**What you will do:**
Look below and pull out each line with the word "mechanical".

#### Dataset extract ####

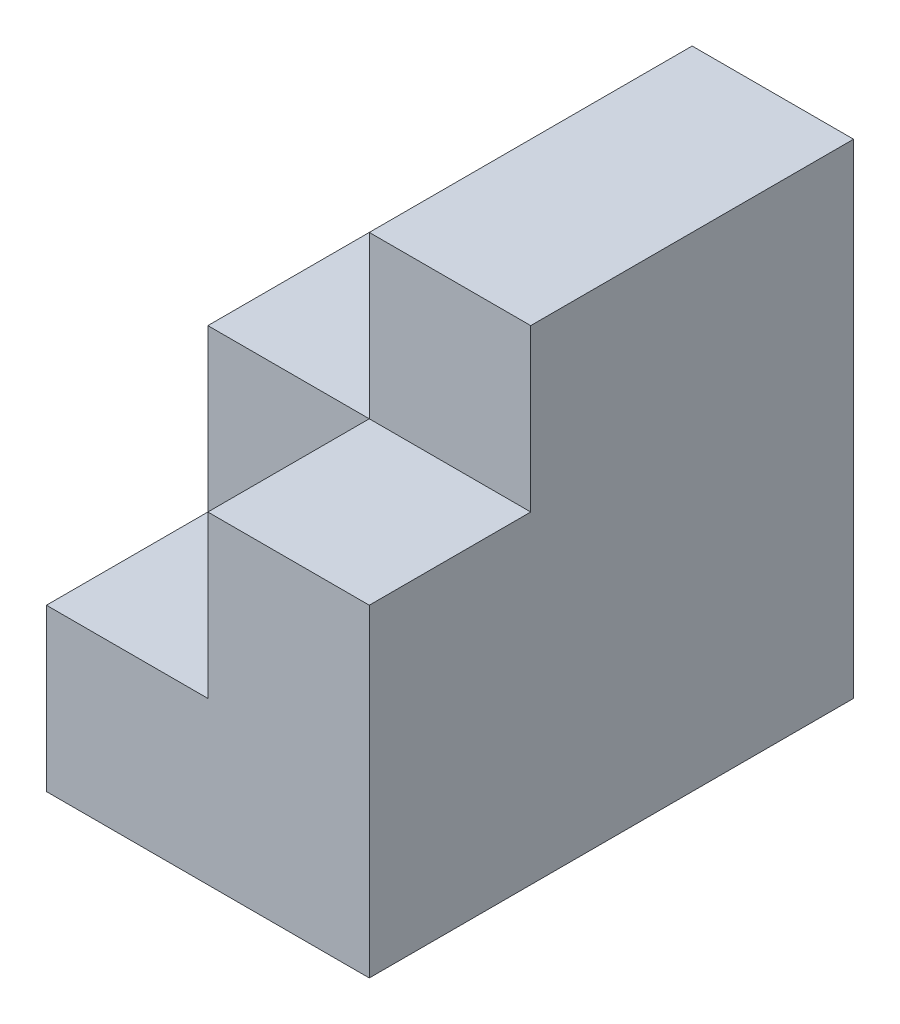
ISO-10303-21;
HEADER;
FILE_DESCRIPTION(('STEP AP214'),'2;1');
FILE_NAME('part.step','',(''),(''),'','','');
FILE_SCHEMA(('AUTOMOTIVE_DESIGN { 1 0 10303 214 1 1 1 1 }'));
ENDSEC;
DATA;
#1=APPLICATION_CONTEXT('core data for automotive mechanical design processes');
#2=APPLICATION_PROTOCOL_DEFINITION('international standard','automotive_design',2000,#1);
#3=PRODUCT_CONTEXT('',#1,'mechanical');
#4=PRODUCT('Part','Part','',(#3));
#5=PRODUCT_RELATED_PRODUCT_CATEGORY('part','',(#4));
#6=PRODUCT_DEFINITION_FORMATION('','',#4);
#7=PRODUCT_DEFINITION_CONTEXT('part definition',#1,'design');
#8=PRODUCT_DEFINITION('design','',#6,#7);
#9=PRODUCT_DEFINITION_SHAPE('','',#8);
#10=(LENGTH_UNIT() NAMED_UNIT(*) SI_UNIT(.MILLI.,.METRE.));
#11=(NAMED_UNIT(*) PLANE_ANGLE_UNIT() SI_UNIT($,.RADIAN.));
#12=(NAMED_UNIT(*) SI_UNIT($,.STERADIAN.) SOLID_ANGLE_UNIT());
#13=UNCERTAINTY_MEASURE_WITH_UNIT(LENGTH_MEASURE(1.E-05),#10,'distance_accuracy_value','');
#14=(GEOMETRIC_REPRESENTATION_CONTEXT(3) GLOBAL_UNCERTAINTY_ASSIGNED_CONTEXT((#13)) GLOBAL_UNIT_ASSIGNED_CONTEXT((#10,
#11,#12)) REPRESENTATION_CONTEXT('',''));
#15=CARTESIAN_POINT('',(0.,0.,0.));
#16=DIRECTION('',(0.,0.,1.));
#17=DIRECTION('',(1.,0.,0.));
#18=AXIS2_PLACEMENT_3D('',#15,#16,#17);
#19=CARTESIAN_POINT('',(0.,40.,0.));
#20=DIRECTION('',(0.,-1.,0.));
#21=DIRECTION('',(0.,0.,-1.));
#22=AXIS2_PLACEMENT_3D('',#19,#20,#21);
#23=PLANE('',#22);
#24=DIRECTION('',(1.,0.,0.));
#25=VECTOR('',#24,1.);
#26=CARTESIAN_POINT('',(40.,40.,40.));
#27=LINE('',#26,#25);
#28=CARTESIAN_POINT('',(40.,40.,40.));
#29=VERTEX_POINT('',#28);
#30=CARTESIAN_POINT('',(60.,40.,40.));
#31=VERTEX_POINT('',#30);
#32=EDGE_CURVE('E59',#29,#31,#27,.T.);
#33=ORIENTED_EDGE('',*,*,#32,.F.);
#34=DIRECTION('',(0.,0.,1.));
#35=VECTOR('',#34,1.);
#36=CARTESIAN_POINT('',(40.,40.,0.));
#37=LINE('',#36,#35);
#38=CARTESIAN_POINT('',(40.,40.,60.));
#39=VERTEX_POINT('',#38);
#40=EDGE_CURVE('E146',#29,#39,#37,.T.);
#41=ORIENTED_EDGE('',*,*,#40,.T.);
#42=DIRECTION('',(1.,0.,0.));
#43=VECTOR('',#42,1.);
#44=CARTESIAN_POINT('',(60.,40.,60.));
#45=LINE('',#44,#43);
#46=CARTESIAN_POINT('',(60.,40.,60.));
#47=VERTEX_POINT('',#46);
#48=EDGE_CURVE('E160',#39,#47,#45,.T.);
#49=ORIENTED_EDGE('',*,*,#48,.T.);
#50=DIRECTION('',(0.,0.,-1.));
#51=VECTOR('',#50,1.);
#52=CARTESIAN_POINT('',(60.,40.,0.));
#53=LINE('',#52,#51);
#54=EDGE_CURVE('E151',#47,#31,#53,.T.);
#55=ORIENTED_EDGE('',*,*,#54,.T.);
#56=EDGE_LOOP('',(#33,#41,#49,#55));
#57=FACE_BOUND('',#56,.T.);
#58=ADVANCED_FACE('F43',(#57),#23,.F.);
#59=CARTESIAN_POINT('',(0.,20.,20.));
#60=DIRECTION('',(0.,-1.,0.));
#61=DIRECTION('',(0.,0.,-1.));
#62=AXIS2_PLACEMENT_3D('',#59,#60,#61);
#63=PLANE('',#62);
#64=DIRECTION('',(0.,0.,1.));
#65=VECTOR('',#64,1.);
#66=CARTESIAN_POINT('',(40.,20.,0.));
#67=LINE('',#66,#65);
#68=CARTESIAN_POINT('',(40.,20.,0.));
#69=VERTEX_POINT('',#68);
#70=CARTESIAN_POINT('',(40.,20.,60.));
#71=VERTEX_POINT('',#70);
#72=EDGE_CURVE('E67',#69,#71,#67,.T.);
#73=ORIENTED_EDGE('',*,*,#72,.F.);
#74=DIRECTION('',(-1.,0.,0.));
#75=VECTOR('',#74,1.);
#76=CARTESIAN_POINT('',(0.,20.,0.));
#77=LINE('',#76,#75);
#78=CARTESIAN_POINT('',(0.,20.,0.));
#79=VERTEX_POINT('',#78);
#80=EDGE_CURVE('E202',#69,#79,#77,.T.);
#81=ORIENTED_EDGE('',*,*,#80,.T.);
#82=DIRECTION('',(0.,0.,-1.));
#83=VECTOR('',#82,1.);
#84=CARTESIAN_POINT('',(0.,20.,20.));
#85=LINE('',#84,#83);
#86=CARTESIAN_POINT('',(0.,20.,20.));
#87=VERTEX_POINT('',#86);
#88=EDGE_CURVE('E208',#87,#79,#85,.T.);
#89=ORIENTED_EDGE('',*,*,#88,.F.);
#90=DIRECTION('',(-1.,0.,0.));
#91=VECTOR('',#90,1.);
#92=CARTESIAN_POINT('',(0.,20.,20.));
#93=LINE('',#92,#91);
#94=CARTESIAN_POINT('',(20.,20.,20.));
#95=VERTEX_POINT('',#94);
#96=EDGE_CURVE('E205',#95,#87,#93,.T.);
#97=ORIENTED_EDGE('',*,*,#96,.F.);
#98=DIRECTION('',(0.,0.,-1.));
#99=VECTOR('',#98,1.);
#100=CARTESIAN_POINT('',(20.,20.,60.));
#101=LINE('',#100,#99);
#102=CARTESIAN_POINT('',(20.,20.,60.));
#103=VERTEX_POINT('',#102);
#104=EDGE_CURVE('E192',#103,#95,#101,.T.);
#105=ORIENTED_EDGE('',*,*,#104,.F.);
#106=DIRECTION('',(-1.,0.,0.));
#107=VECTOR('',#106,1.);
#108=CARTESIAN_POINT('',(60.,20.,60.));
#109=LINE('',#108,#107);
#110=EDGE_CURVE('E175',#71,#103,#109,.T.);
#111=ORIENTED_EDGE('',*,*,#110,.F.);
#112=EDGE_LOOP('',(#73,#81,#89,#97,#105,#111));
#113=FACE_BOUND('',#112,.T.);
#114=ADVANCED_FACE('F252',(#113),#63,.F.);
#115=CARTESIAN_POINT('',(0.,0.,20.));
#116=DIRECTION('',(0.,0.,-1.));
#117=DIRECTION('',(-1.,0.,0.));
#118=AXIS2_PLACEMENT_3D('',#115,#116,#117);
#119=PLANE('',#118);
#120=DIRECTION('',(0.,-1.,0.));
#121=VECTOR('',#120,1.);
#122=CARTESIAN_POINT('',(20.,0.,20.));
#123=LINE('',#122,#121);
#124=CARTESIAN_POINT('',(20.,0.,20.));
#125=VERTEX_POINT('',#124);
#126=EDGE_CURVE('E171',#95,#125,#123,.T.);
#127=ORIENTED_EDGE('',*,*,#126,.F.);
#128=ORIENTED_EDGE('',*,*,#96,.T.);
#129=DIRECTION('',(0.,-1.,0.));
#130=VECTOR('',#129,1.);
#131=CARTESIAN_POINT('',(0.,0.,20.));
#132=LINE('',#131,#130);
#133=CARTESIAN_POINT('',(0.,0.,20.));
#134=VERTEX_POINT('',#133);
#135=EDGE_CURVE('E197',#87,#134,#132,.T.);
#136=ORIENTED_EDGE('',*,*,#135,.T.);
#137=DIRECTION('',(1.,0.,0.));
#138=VECTOR('',#137,1.);
#139=CARTESIAN_POINT('',(0.,0.,20.));
#140=LINE('',#139,#138);
#141=EDGE_CURVE('E201',#134,#125,#140,.T.);
#142=ORIENTED_EDGE('',*,*,#141,.T.);
#143=EDGE_LOOP('',(#127,#128,#136,#142));
#144=FACE_BOUND('',#143,.T.);
#145=ADVANCED_FACE('F250',(#144),#119,.F.);
#146=CARTESIAN_POINT('',(0.,0.,20.));
#147=DIRECTION('',(1.,0.,0.));
#148=DIRECTION('',(0.,0.,-1.));
#149=AXIS2_PLACEMENT_3D('',#146,#147,#148);
#150=PLANE('',#149);
#151=DIRECTION('',(0.,-1.,0.));
#152=VECTOR('',#151,1.);
#153=CARTESIAN_POINT('',(0.,0.,0.));
#154=LINE('',#153,#152);
#155=CARTESIAN_POINT('',(0.,0.,0.));
#156=VERTEX_POINT('',#155);
#157=EDGE_CURVE('E196',#79,#156,#154,.T.);
#158=ORIENTED_EDGE('',*,*,#157,.T.);
#159=DIRECTION('',(0.,0.,-1.));
#160=VECTOR('',#159,1.);
#161=CARTESIAN_POINT('',(0.,0.,20.));
#162=LINE('',#161,#160);
#163=EDGE_CURVE('E11',#134,#156,#162,.T.);
#164=ORIENTED_EDGE('',*,*,#163,.F.);
#165=ORIENTED_EDGE('',*,*,#135,.F.);
#166=ORIENTED_EDGE('',*,*,#88,.T.);
#167=EDGE_LOOP('',(#158,#164,#165,#166));
#168=FACE_BOUND('',#167,.T.);
#169=ADVANCED_FACE('F45',(#168),#150,.F.);
#170=CARTESIAN_POINT('',(0.,0.,20.));
#171=DIRECTION('',(0.,1.,0.));
#172=DIRECTION('',(0.,0.,1.));
#173=AXIS2_PLACEMENT_3D('',#170,#171,#172);
#174=PLANE('',#173);
#175=DIRECTION('',(1.,0.,0.));
#176=VECTOR('',#175,1.);
#177=CARTESIAN_POINT('',(0.,0.,0.));
#178=LINE('',#177,#176);
#179=CARTESIAN_POINT('',(60.,0.,0.));
#180=VERTEX_POINT('',#179);
#181=EDGE_CURVE('E212',#156,#180,#178,.T.);
#182=ORIENTED_EDGE('',*,*,#181,.T.);
#183=DIRECTION('',(0.,0.,-1.));
#184=VECTOR('',#183,1.);
#185=CARTESIAN_POINT('',(60.,0.,20.));
#186=LINE('',#185,#184);
#187=CARTESIAN_POINT('',(60.,0.,60.));
#188=VERTEX_POINT('',#187);
#189=EDGE_CURVE('E52',#188,#180,#186,.T.);
#190=ORIENTED_EDGE('',*,*,#189,.F.);
#191=DIRECTION('',(1.,0.,0.));
#192=VECTOR('',#191,1.);
#193=CARTESIAN_POINT('',(60.,0.,60.));
#194=LINE('',#193,#192);
#195=CARTESIAN_POINT('',(20.,0.,60.));
#196=VERTEX_POINT('',#195);
#197=EDGE_CURVE('E181',#196,#188,#194,.T.);
#198=ORIENTED_EDGE('',*,*,#197,.F.);
#199=DIRECTION('',(0.,0.,-1.));
#200=VECTOR('',#199,1.);
#201=CARTESIAN_POINT('',(20.,0.,60.));
#202=LINE('',#201,#200);
#203=EDGE_CURVE('E185',#196,#125,#202,.T.);
#204=ORIENTED_EDGE('',*,*,#203,.T.);
#205=ORIENTED_EDGE('',*,*,#141,.F.);
#206=ORIENTED_EDGE('',*,*,#163,.T.);
#207=EDGE_LOOP('',(#182,#190,#198,#204,#205,#206));
#208=FACE_BOUND('',#207,.T.);
#209=ADVANCED_FACE('F244',(#208),#174,.F.);
#210=CARTESIAN_POINT('',(60.,0.,20.));
#211=DIRECTION('',(-1.,0.,0.));
#212=DIRECTION('',(0.,0.,1.));
#213=AXIS2_PLACEMENT_3D('',#210,#211,#212);
#214=PLANE('',#213);
#215=DIRECTION('',(0.,1.,0.));
#216=VECTOR('',#215,1.);
#217=CARTESIAN_POINT('',(60.,0.,0.));
#218=LINE('',#217,#216);
#219=CARTESIAN_POINT('',(60.,60.,0.));
#220=VERTEX_POINT('',#219);
#221=EDGE_CURVE('E215',#180,#220,#218,.T.);
#222=ORIENTED_EDGE('',*,*,#221,.T.);
#223=DIRECTION('',(0.,0.,-1.));
#224=VECTOR('',#223,1.);
#225=CARTESIAN_POINT('',(60.,60.,0.));
#226=LINE('',#225,#224);
#227=CARTESIAN_POINT('',(60.,60.,40.));
#228=VERTEX_POINT('',#227);
#229=EDGE_CURVE('E132',#228,#220,#226,.T.);
#230=ORIENTED_EDGE('',*,*,#229,.F.);
#231=DIRECTION('',(0.,-1.,0.));
#232=VECTOR('',#231,1.);
#233=CARTESIAN_POINT('',(60.,60.,40.));
#234=LINE('',#233,#232);
#235=EDGE_CURVE('E127',#228,#31,#234,.T.);
#236=ORIENTED_EDGE('',*,*,#235,.T.);
#237=ORIENTED_EDGE('',*,*,#54,.F.);
#238=DIRECTION('',(0.,1.,0.));
#239=VECTOR('',#238,1.);
#240=CARTESIAN_POINT('',(60.,0.,60.));
#241=LINE('',#240,#239);
#242=EDGE_CURVE('E172',#188,#47,#241,.T.);
#243=ORIENTED_EDGE('',*,*,#242,.F.);
#244=ORIENTED_EDGE('',*,*,#189,.T.);
#245=EDGE_LOOP('',(#222,#230,#236,#237,#243,#244));
#246=FACE_BOUND('',#245,.T.);
#247=ADVANCED_FACE('F227',(#246),#214,.F.);
#248=CARTESIAN_POINT('',(0.,0.,0.));
#249=DIRECTION('',(0.,0.,-1.));
#250=DIRECTION('',(-1.,0.,0.));
#251=AXIS2_PLACEMENT_3D('',#248,#249,#250);
#252=PLANE('',#251);
#253=ORIENTED_EDGE('',*,*,#157,.F.);
#254=ORIENTED_EDGE('',*,*,#80,.F.);
#255=DIRECTION('',(0.,-1.,0.));
#256=VECTOR('',#255,1.);
#257=CARTESIAN_POINT('',(40.,40.,0.));
#258=LINE('',#257,#256);
#259=CARTESIAN_POINT('',(40.,60.,0.));
#260=VERTEX_POINT('',#259);
#261=EDGE_CURVE('E168',#260,#69,#258,.T.);
#262=ORIENTED_EDGE('',*,*,#261,.F.);
#263=DIRECTION('',(-1.,0.,0.));
#264=VECTOR('',#263,1.);
#265=CARTESIAN_POINT('',(40.,60.,0.));
#266=LINE('',#265,#264);
#267=EDGE_CURVE('E139',#220,#260,#266,.T.);
#268=ORIENTED_EDGE('',*,*,#267,.F.);
#269=ORIENTED_EDGE('',*,*,#221,.F.);
#270=ORIENTED_EDGE('',*,*,#181,.F.);
#271=EDGE_LOOP('',(#253,#254,#262,#268,#269,#270));
#272=FACE_BOUND('',#271,.T.);
#273=ADVANCED_FACE('F233',(#272),#252,.T.);
#274=CARTESIAN_POINT('',(20.,0.,60.));
#275=DIRECTION('',(1.,0.,0.));
#276=DIRECTION('',(0.,0.,-1.));
#277=AXIS2_PLACEMENT_3D('',#274,#275,#276);
#278=PLANE('',#277);
#279=ORIENTED_EDGE('',*,*,#126,.T.);
#280=ORIENTED_EDGE('',*,*,#203,.F.);
#281=DIRECTION('',(0.,-1.,0.));
#282=VECTOR('',#281,1.);
#283=CARTESIAN_POINT('',(20.,0.,60.));
#284=LINE('',#283,#282);
#285=EDGE_CURVE('E178',#103,#196,#284,.T.);
#286=ORIENTED_EDGE('',*,*,#285,.F.);
#287=ORIENTED_EDGE('',*,*,#104,.T.);
#288=EDGE_LOOP('',(#279,#280,#286,#287));
#289=FACE_BOUND('',#288,.T.);
#290=ADVANCED_FACE('F246',(#289),#278,.F.);
#291=CARTESIAN_POINT('',(0.,0.,60.));
#292=DIRECTION('',(0.,0.,1.));
#293=DIRECTION('',(1.,0.,0.));
#294=AXIS2_PLACEMENT_3D('',#291,#292,#293);
#295=PLANE('',#294);
#296=ORIENTED_EDGE('',*,*,#242,.T.);
#297=ORIENTED_EDGE('',*,*,#48,.F.);
#298=DIRECTION('',(0.,-1.,0.));
#299=VECTOR('',#298,1.);
#300=CARTESIAN_POINT('',(40.,40.,60.));
#301=LINE('',#300,#299);
#302=EDGE_CURVE('E163',#39,#71,#301,.T.);
#303=ORIENTED_EDGE('',*,*,#302,.T.);
#304=ORIENTED_EDGE('',*,*,#110,.T.);
#305=ORIENTED_EDGE('',*,*,#285,.T.);
#306=ORIENTED_EDGE('',*,*,#197,.T.);
#307=EDGE_LOOP('',(#296,#297,#303,#304,#305,#306));
#308=FACE_BOUND('',#307,.T.);
#309=ADVANCED_FACE('F241',(#308),#295,.T.);
#310=CARTESIAN_POINT('',(40.,40.,0.));
#311=DIRECTION('',(1.,0.,0.));
#312=DIRECTION('',(0.,0.,-1.));
#313=AXIS2_PLACEMENT_3D('',#310,#311,#312);
#314=PLANE('',#313);
#315=ORIENTED_EDGE('',*,*,#72,.T.);
#316=ORIENTED_EDGE('',*,*,#302,.F.);
#317=ORIENTED_EDGE('',*,*,#40,.F.);
#318=DIRECTION('',(0.,-1.,0.));
#319=VECTOR('',#318,1.);
#320=CARTESIAN_POINT('',(40.,60.,40.));
#321=LINE('',#320,#319);
#322=CARTESIAN_POINT('',(40.,60.,40.));
#323=VERTEX_POINT('',#322);
#324=EDGE_CURVE('E125',#323,#29,#321,.T.);
#325=ORIENTED_EDGE('',*,*,#324,.F.);
#326=DIRECTION('',(0.,0.,1.));
#327=VECTOR('',#326,1.);
#328=CARTESIAN_POINT('',(40.,60.,0.));
#329=LINE('',#328,#327);
#330=EDGE_CURVE('E133',#260,#323,#329,.T.);
#331=ORIENTED_EDGE('',*,*,#330,.F.);
#332=ORIENTED_EDGE('',*,*,#261,.T.);
#333=EDGE_LOOP('',(#315,#316,#317,#325,#331,#332));
#334=FACE_BOUND('',#333,.T.);
#335=ADVANCED_FACE('F144',(#334),#314,.F.);
#336=CARTESIAN_POINT('',(40.,60.,40.));
#337=DIRECTION('',(0.,0.,-1.));
#338=DIRECTION('',(-1.,0.,0.));
#339=AXIS2_PLACEMENT_3D('',#336,#337,#338);
#340=PLANE('',#339);
#341=ORIENTED_EDGE('',*,*,#32,.T.);
#342=ORIENTED_EDGE('',*,*,#235,.F.);
#343=DIRECTION('',(1.,0.,0.));
#344=VECTOR('',#343,1.);
#345=CARTESIAN_POINT('',(40.,60.,40.));
#346=LINE('',#345,#344);
#347=EDGE_CURVE('E121',#323,#228,#346,.T.);
#348=ORIENTED_EDGE('',*,*,#347,.F.);
#349=ORIENTED_EDGE('',*,*,#324,.T.);
#350=EDGE_LOOP('',(#341,#342,#348,#349));
#351=FACE_BOUND('',#350,.T.);
#352=ADVANCED_FACE('F123',(#351),#340,.F.);
#353=CARTESIAN_POINT('',(0.,60.,0.));
#354=DIRECTION('',(0.,1.,0.));
#355=DIRECTION('',(0.,0.,1.));
#356=AXIS2_PLACEMENT_3D('',#353,#354,#355);
#357=PLANE('',#356);
#358=ORIENTED_EDGE('',*,*,#330,.T.);
#359=ORIENTED_EDGE('',*,*,#347,.T.);
#360=ORIENTED_EDGE('',*,*,#229,.T.);
#361=ORIENTED_EDGE('',*,*,#267,.T.);
#362=EDGE_LOOP('',(#358,#359,#360,#361));
#363=FACE_BOUND('',#362,.T.);
#364=ADVANCED_FACE('F137',(#363),#357,.T.);
#365=CLOSED_SHELL('',(#58,#114,#145,#169,#209,#247,#273,#290,#309,#335,#352,#364));
#366=MANIFOLD_SOLID_BREP('B2',#365);
#367=ADVANCED_BREP_SHAPE_REPRESENTATION('',(#18,#366),#14);
#368=SHAPE_DEFINITION_REPRESENTATION(#9,#367);
ENDSEC;
END-ISO-10303-21;

####

**Written solution:**
#1=APPLICATION_CONTEXT('core data for automotive mechanical design processes');
#3=PRODUCT_CONTEXT('',#1,'mechanical');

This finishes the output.